What the task asks: Reproduce the data below in full and exclude every picture.
--- START ---
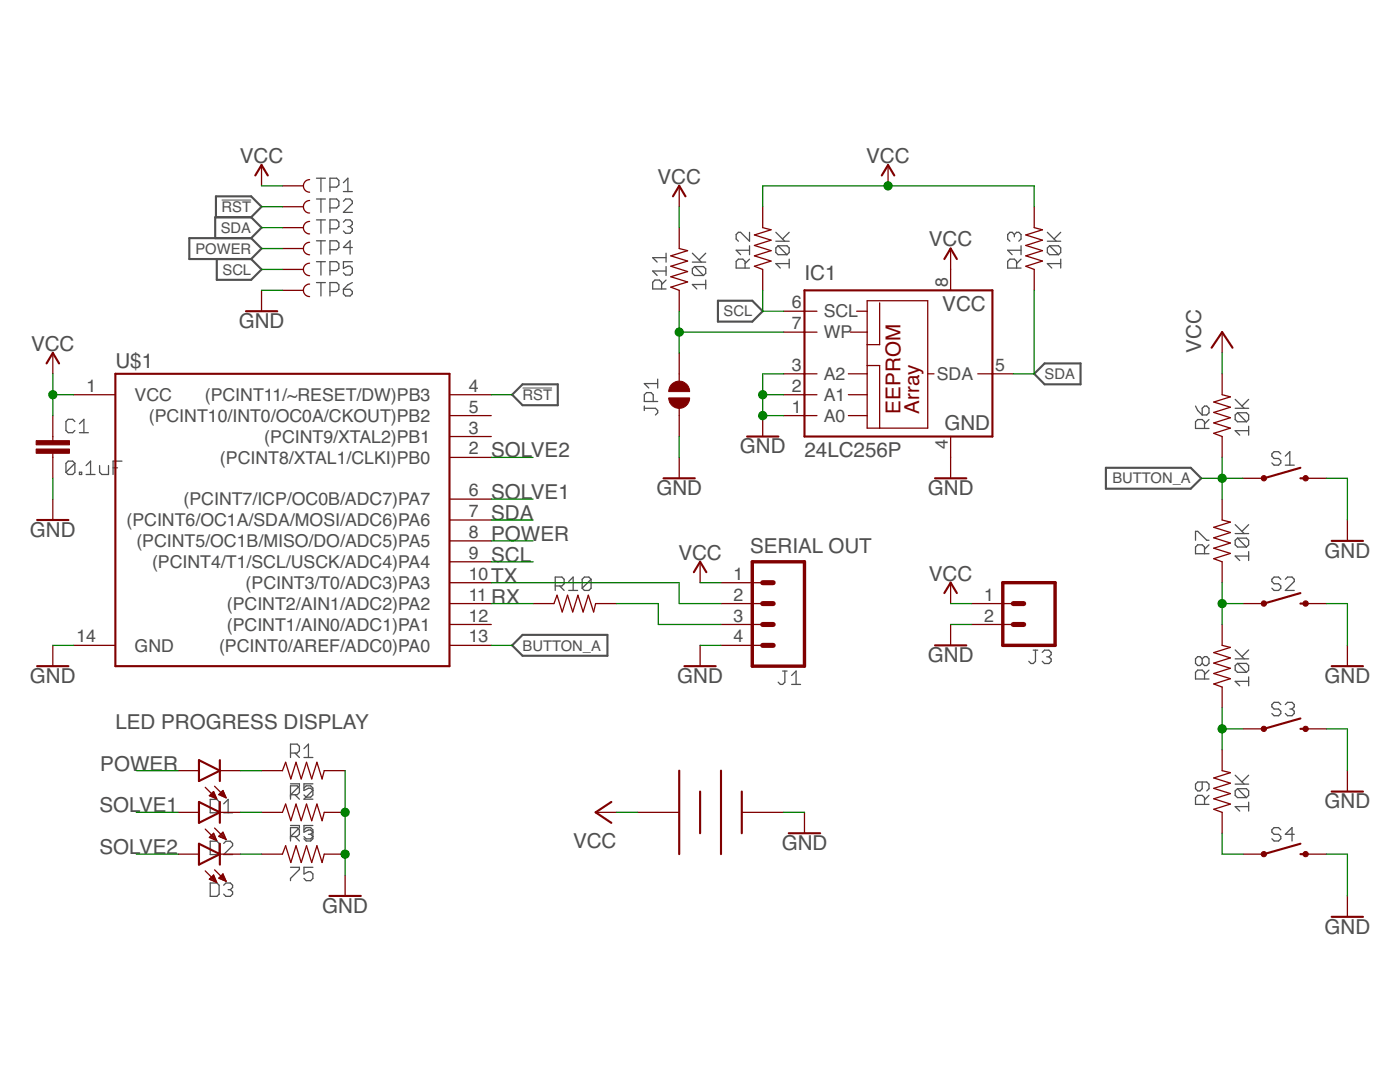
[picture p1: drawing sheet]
<svg xmlns="http://www.w3.org/2000/svg" width="279mm" height="216mm" viewBox="0 0 279 216" stroke-linecap="round" stroke-linejoin="round" font-family="sans-serif">
<g fill="none" stroke="#505050" stroke-width=".25">
<path d="M63.2 35.6h1.7M63.2 39.7h1.7M64.1 35.6v2.6M64.1 39.7v2.7M65.8 37.3h1.4l.4-.4v-.9l-.4-.4h-1.4v2.6M68.5 36.4l.9-.8v2.6M68.5 38.2h1.8M63.2 43.9h1.7M63.2 48h1.7M63.2 52.2h1.7M63.2 56.4h1.7M64.1 43.9v2.6"/>
<path d="M64.1 48v2.7M64.1 52.2v2.7M64.1 56.4v2.7M65.8 41.5h1.4l.4-.5v-.8l-.4-.5h-1.4v2.7M65.8 45.7h1.4l.4-.5v-.9l-.4-.4h-1.4v2.6M65.8 49.8h1.4l.4-.4v-.9l-.4-.5h-1.4v2.7M65.8 54h1.4l.4-.4v-.9l-.4-.5h-1.4v2.7M65.8 58.2h1.4l.4-.5v-.9l-.4-.4h-1.4v2.7M68.5 40.2l.5-.5h.9l.4 .5v.4l-1.8 1.8h1.8M68.5 44.3l.5-.4h.9l.4 .4v.5l-.4 .4M68.5 57.7h1.4l.4 .5v.4l-.4 .5h-.9l-.5-.5zM69.4 45.2h.5"/>
<path d="M69.9 45.2l.4 .5v.4l-.4 .4h-.9l-.5-.4M70.3 52.2h-1.8v1.4l.9-.5h.5l.4 .5v.8l-.4 .5h-.9l-.5-.5M70.3 49.4h-1.8l1.4-1.4v2.7M70.3 56.4l-.9 .4-.9 .9M132 57.7v-1.4l-.4-.4h-.9l-.4 .4v1.4h2.6M132.9 55.9l-.9 .9M132.9 54.1h-2.6l.8 .9M132.9 50.5v1.8M132.9 53.2v1.8M132.9 51.4h-2.6l.8 .9M138.2 52.3h2.6M138.2 50.5l1.8 1.8"/>
<path d="M138.6 53.2h1.8l.4 .4v.9l-.4 .5M138.6 53.2l-.4 .4v.9l.4 .5h1.8M138.6 53.2l1.8 1.8M140.8 56.8h-2.6l.9 .9M140.8 55.9v1.8M140.8 50.5l-1.3 1.4M148.7 53.5v-1.3l-.4-.5h-.9l-.5 .5v1.3h2.7M149.6 46.4v1.7l-1.8-1.7h-.4l-.5 .4v.9l.5 .4M149.6 51.7l-.9 .9M149.6 49.9h-2.7l.9 .9M149.6 49v1.8M154.8 48.1h2.7"/>
<path d="M154.8 46.4l1.8 1.7M155.3 49h1.8l.4 .5v.9l-.4 .4M155.3 49l-.5 .5v.9l.5 .4h1.8M155.3 49l1.8 1.8M157.5 52.6h-2.7l.9 .9M157.5 51.7v1.8M157.5 46.4l-1.3 1.3M202.4 46.8l.5-.4h.4l.5 .4v.9l-.5 .4M202.4 46.8l-.4-.4h-.5l-.4 .4v.9l.4 .4M202.4 46.8v.4M202.9 53.5v-1.3l-.5-.5h-.9l-.4 .5v1.3h2.7M203.8 49.9h-2.7l.9 .9"/>
<path d="M203.8 51.7l-.9 .9M203.8 49v1.8M209 48.1h2.7M209 46.4l1.8 1.7M209.5 49l-.5 .5v.9l.5 .4h1.7M209.5 49h1.7l.5 .5v.9l-.5 .4M209.5 49l1.7 1.8M211.7 52.6h-2.7l.9 .9M211.7 51.7v1.8M211.7 46.4l-1.3 1.3M131.3 75.6v1.8M131.3 76.5h-2.7l.9 .9"/>
<path d="M246.5 79.7l1.8 1.8M249.2 79.7l-1.3 1.3M14.9 84.1l-.4-.4h-.9l-.4 .4v1.8l.4 .4h.9l.4-.4M14.9 92.5l-.4-.5h-.9l-.4 .5v1.7M14.9 92.5v1.7l-.4 .5h-.9l-.4-.5M14.9 92.5l-1.7 1.7M15.9 94.2h.4v.5h-.4zM15.9 86.3h1.7M15.9 84.6l.8-.9v2.6M17.2 94.7h1.8M17.2 92.9l.9-.9v2.7M19.9 92.9v1.3l.4 .5h1.4v-1.8"/>
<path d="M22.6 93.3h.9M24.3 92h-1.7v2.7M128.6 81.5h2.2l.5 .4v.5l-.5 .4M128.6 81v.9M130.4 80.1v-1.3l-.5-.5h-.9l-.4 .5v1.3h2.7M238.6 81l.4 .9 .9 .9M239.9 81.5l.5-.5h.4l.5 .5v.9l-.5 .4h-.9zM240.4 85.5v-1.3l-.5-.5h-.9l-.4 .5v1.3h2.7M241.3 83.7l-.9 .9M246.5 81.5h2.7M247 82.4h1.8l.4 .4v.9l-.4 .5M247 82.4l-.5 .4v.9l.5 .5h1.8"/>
--- END ---
Written solution:
[picture p1: drawing sheet]
<svg xmlns="http://www.w3.org/2000/svg" width="279mm" height="216mm" viewBox="0 0 279 216" stroke-linecap="round" stroke-linejoin="round" font-family="sans-serif">
<g fill="none" stroke="#505050" stroke-width=".25">
<path d="M63.2 35.6h1.7M63.2 39.7h1.7M64.1 35.6v2.6M64.1 39.7v2.7M65.8 37.3h1.4l.4-.4v-.9l-.4-.4h-1.4v2.6M68.5 36.4l.9-.8v2.6M68.5 38.2h1.8M63.2 43.9h1.7M63.2 48h1.7M63.2 52.2h1.7M63.2 56.4h1.7M64.1 43.9v2.6"/>
<path d="M64.1 48v2.7M64.1 52.2v2.7M64.1 56.4v2.7M65.8 41.5h1.4l.4-.5v-.8l-.4-.5h-1.4v2.7M65.8 45.7h1.4l.4-.5v-.9l-.4-.4h-1.4v2.6M65.8 49.8h1.4l.4-.4v-.9l-.4-.5h-1.4v2.7M65.8 54h1.4l.4-.4v-.9l-.4-.5h-1.4v2.7M65.8 58.2h1.4l.4-.5v-.9l-.4-.4h-1.4v2.7M68.5 40.2l.5-.5h.9l.4 .5v.4l-1.8 1.8h1.8M68.5 44.3l.5-.4h.9l.4 .4v.5l-.4 .4M68.5 57.7h1.4l.4 .5v.4l-.4 .5h-.9l-.5-.5zM69.4 45.2h.5"/>
<path d="M69.9 45.2l.4 .5v.4l-.4 .4h-.9l-.5-.4M70.3 52.2h-1.8v1.4l.9-.5h.5l.4 .5v.8l-.4 .5h-.9l-.5-.5M70.3 49.4h-1.8l1.4-1.4v2.7M70.3 56.4l-.9 .4-.9 .9M132 57.7v-1.4l-.4-.4h-.9l-.4 .4v1.4h2.6M132.9 55.9l-.9 .9M132.9 54.1h-2.6l.8 .9M132.9 50.5v1.8M132.9 53.2v1.8M132.9 51.4h-2.6l.8 .9M138.2 52.3h2.6M138.2 50.5l1.8 1.8"/>
<path d="M138.6 53.2h1.8l.4 .4v.9l-.4 .5M138.6 53.2l-.4 .4v.9l.4 .5h1.8M138.6 53.2l1.8 1.8M140.8 56.8h-2.6l.9 .9M140.8 55.9v1.8M140.8 50.5l-1.3 1.4M148.7 53.5v-1.3l-.4-.5h-.9l-.5 .5v1.3h2.7M149.6 46.4v1.7l-1.8-1.7h-.4l-.5 .4v.9l.5 .4M149.6 51.7l-.9 .9M149.6 49.9h-2.7l.9 .9M149.6 49v1.8M154.8 48.1h2.7"/>
<path d="M154.8 46.4l1.8 1.7M155.3 49h1.8l.4 .5v.9l-.4 .4M155.3 49l-.5 .5v.9l.5 .4h1.8M155.3 49l1.8 1.8M157.5 52.6h-2.7l.9 .9M157.5 51.7v1.8M157.5 46.4l-1.3 1.3M202.4 46.8l.5-.4h.4l.5 .4v.9l-.5 .4M202.4 46.8l-.4-.4h-.5l-.4 .4v.9l.4 .4M202.4 46.8v.4M202.9 53.5v-1.3l-.5-.5h-.9l-.4 .5v1.3h2.7M203.8 49.9h-2.7l.9 .9"/>
<path d="M203.8 51.7l-.9 .9M203.8 49v1.8M209 48.1h2.7M209 46.4l1.8 1.7M209.5 49l-.5 .5v.9l.5 .4h1.7M209.5 49h1.7l.5 .5v.9l-.5 .4M209.5 49l1.7 1.8M211.7 52.6h-2.7l.9 .9M211.7 51.7v1.8M211.7 46.4l-1.3 1.3M131.3 75.6v1.8M131.3 76.5h-2.7l.9 .9"/>
<path d="M246.5 79.7l1.8 1.8M249.2 79.7l-1.3 1.3M14.9 84.1l-.4-.4h-.9l-.4 .4v1.8l.4 .4h.9l.4-.4M14.9 92.5l-.4-.5h-.9l-.4 .5v1.7M14.9 92.5v1.7l-.4 .5h-.9l-.4-.5M14.9 92.5l-1.7 1.7M15.9 94.2h.4v.5h-.4zM15.9 86.3h1.7M15.9 84.6l.8-.9v2.6M17.2 94.7h1.8M17.2 92.9l.9-.9v2.7M19.9 92.9v1.3l.4 .5h1.4v-1.8"/>
<path d="M22.6 93.3h.9M24.3 92h-1.7v2.7M128.6 81.5h2.2l.5 .4v.5l-.5 .4M128.6 81v.9M130.4 80.1v-1.3l-.5-.5h-.9l-.4 .5v1.3h2.7M238.6 81l.4 .9 .9 .9M239.9 81.5l.5-.5h.4l.5 .5v.9l-.5 .4h-.9zM240.4 85.5v-1.3l-.5-.5h-.9l-.4 .5v1.3h2.7M241.3 83.7l-.9 .9M246.5 81.5h2.7M247 82.4h1.8l.4 .4v.9l-.4 .5M247 82.4l-.5 .4v.9l.5 .5h1.8"/>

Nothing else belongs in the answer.